Here’s an example of how you might use ONTAP Consistency Groups:

In this example, I have an Oracle database with datafiles distributed across 4 volumes located on 4 different controllers. I often do that to ensure my IO load is guaranteed to be evenly distributed across all controllers in the entire cluster. I also have my logs in 3 different volumes, plus I have a volume for my Oracle binaries.

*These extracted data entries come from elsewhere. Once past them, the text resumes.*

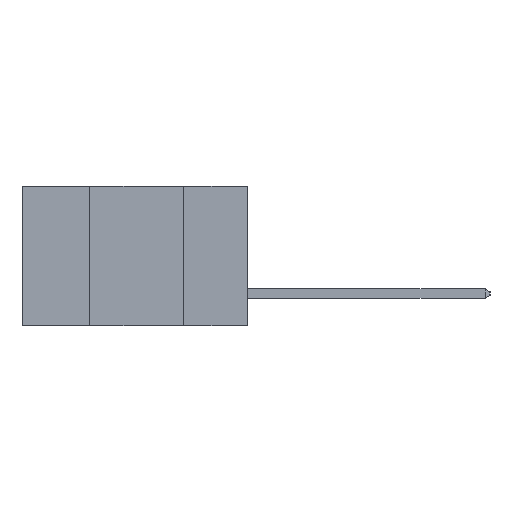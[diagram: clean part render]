
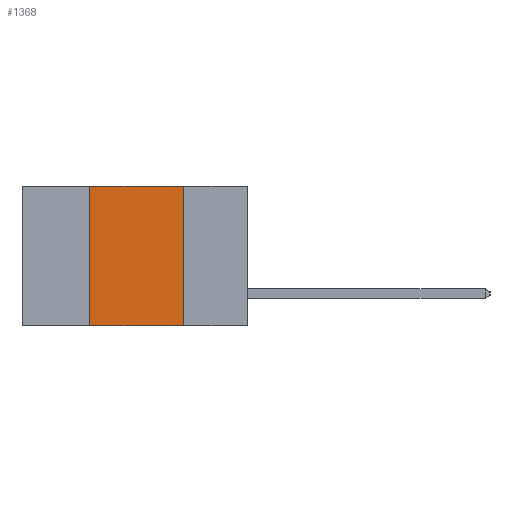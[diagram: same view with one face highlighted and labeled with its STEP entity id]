
A CAD part, left-side view. The second image highlights one B-rep face of the part: STEP entity #1368.
In plain terms, the highlighted planar face has unit normal (-1, 0, 0).
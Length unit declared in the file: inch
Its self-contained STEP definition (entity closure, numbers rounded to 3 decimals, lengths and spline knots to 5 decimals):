
#270 = VECTOR ( 'NONE', #17464, 39.37008 ) ;
#739 = EDGE_LOOP ( 'NONE', ( #5892, #15289, #15127, #802 ) ) ;
#753 = LINE ( 'NONE', #1000, #270 ) ;
#802 = ORIENTED_EDGE ( 'NONE', *, *, #11268, .T. ) ;
#942 = DIRECTION ( 'NONE',  ( 0., -1., 0. ) ) ;
#1000 = CARTESIAN_POINT ( 'NONE',  ( 0., 0.6, -0.37 ) ) ;
#1368 = ADVANCED_FACE ( 'NONE', ( #2992 ), #13746, .F. ) ;
#1590 = VECTOR ( 'NONE', #942, 39.37008 ) ;
#1627 = LINE ( 'NONE', #1884, #15440 ) ;
#1884 = CARTESIAN_POINT ( 'NONE',  ( 0., 0.17, -0.37 ) ) ;
#2351 = VERTEX_POINT ( 'NONE', #5096 ) ;
#2992 = FACE_OUTER_BOUND ( 'NONE', #739, .T. ) ;
#3089 = VERTEX_POINT ( 'NONE', #4323 ) ;
#4323 = CARTESIAN_POINT ( 'NONE',  ( 0., 0.17, -0.37 ) ) ;
#5096 = CARTESIAN_POINT ( 'NONE',  ( 0., 0.42, 0. ) ) ;
#5892 = ORIENTED_EDGE ( 'NONE', *, *, #7504, .F. ) ;
#6180 = VERTEX_POINT ( 'NONE', #12788 ) ;
#7504 = EDGE_CURVE ( 'NONE', #17380, #3089, #1627, .T. ) ;
#7528 = AXIS2_PLACEMENT_3D ( 'NONE', #13991, #13725, #13710 ) ;
#8282 = VECTOR ( 'NONE', #13154, 39.37008 ) ;
#8381 = EDGE_CURVE ( 'NONE', #2351, #17380, #15007, .T. ) ;
#8964 = DIRECTION ( 'NONE',  ( 0., 0., -1. ) ) ;
#11049 = EDGE_CURVE ( 'NONE', #6180, #2351, #15735, .T. ) ;
#11268 = EDGE_CURVE ( 'NONE', #6180, #3089, #753, .T. ) ;
#11429 = CARTESIAN_POINT ( 'NONE',  ( 0., 0.17, 0. ) ) ;
#11820 = CARTESIAN_POINT ( 'NONE',  ( 0., 0.42, -0.37 ) ) ;
#12788 = CARTESIAN_POINT ( 'NONE',  ( 0., 0.42, -0.37 ) ) ;
#13154 = DIRECTION ( 'NONE',  ( 0., 0., 1. ) ) ;
#13710 = DIRECTION ( 'NONE',  ( 0., 0., -1. ) ) ;
#13725 = DIRECTION ( 'NONE',  ( 1., 0., 0. ) ) ;
#13746 = PLANE ( 'NONE',  #7528 ) ;
#13991 = CARTESIAN_POINT ( 'NONE',  ( 0., 0.6, 0. ) ) ;
#15007 = LINE ( 'NONE', #17404, #1590 ) ;
#15127 = ORIENTED_EDGE ( 'NONE', *, *, #11049, .F. ) ;
#15289 = ORIENTED_EDGE ( 'NONE', *, *, #8381, .F. ) ;
#15440 = VECTOR ( 'NONE', #8964, 39.37008 ) ;
#15735 = LINE ( 'NONE', #11820, #8282 ) ;
#17380 = VERTEX_POINT ( 'NONE', #11429 ) ;
#17404 = CARTESIAN_POINT ( 'NONE',  ( 0., 0.6, 0. ) ) ;
#17464 = DIRECTION ( 'NONE',  ( 0., -1., 0. ) ) ;

The point of the ONTAP Consistency Group feature is to enable users to manage applications and application components, and not worry about LUNs and individual volumes. Once I add this CG (which is composed of two child CGs), I can do things like schedule snapshots for the application itself. The result is a CG snapshot of the entire application. I can now use those snapshots for cloning, restoration or replication.

I can also work at a more granular level. For example, I could do a traditional Oracle hot backup procedure as follows:

```
 “alter database begin backup;”
```

 POST /application/consistency-groups/(Datafiles)/snapshots

```
“alter database end backup;”
```

“alter database archive log current;”

POST /application/consistency-groups/(Logs)/snapshots

The result of that is a set of volume snapshots, one of the datafiles and one of the logs, which are recoverable using a standard Oracle backup procedure.

Specifically, the datafiles were in backup mode when a snapshot of the first CG was taken. That’s the starting point for a restoration. I then removed the database from backup mode and forced a log switch before making the API call to create a snapshot of the log CG. The snapshot of the log CG now contains the required logs for making that datafile snapshot consistent.

(Note: You don’t really have to place an Oracle database in backup mode since 12cR1, but most DBA’s are more comfortable with that additional step)

Those two sets of snapshots constitute a restorable, clonable, usable backup. I’m not operating on LUNs or filesystems; I’m making API calls against CGs. It’s application-centric management. There’s no need to change my automation strategy as the application evolves over time and I add new volumes or LUNs, because I’m just operating on named CGs. It even works the same with SAN and file-based storage.

We’ve got all sorts of idea of how to keep expanding this vision of application-centric storage management, so keep checking in with us.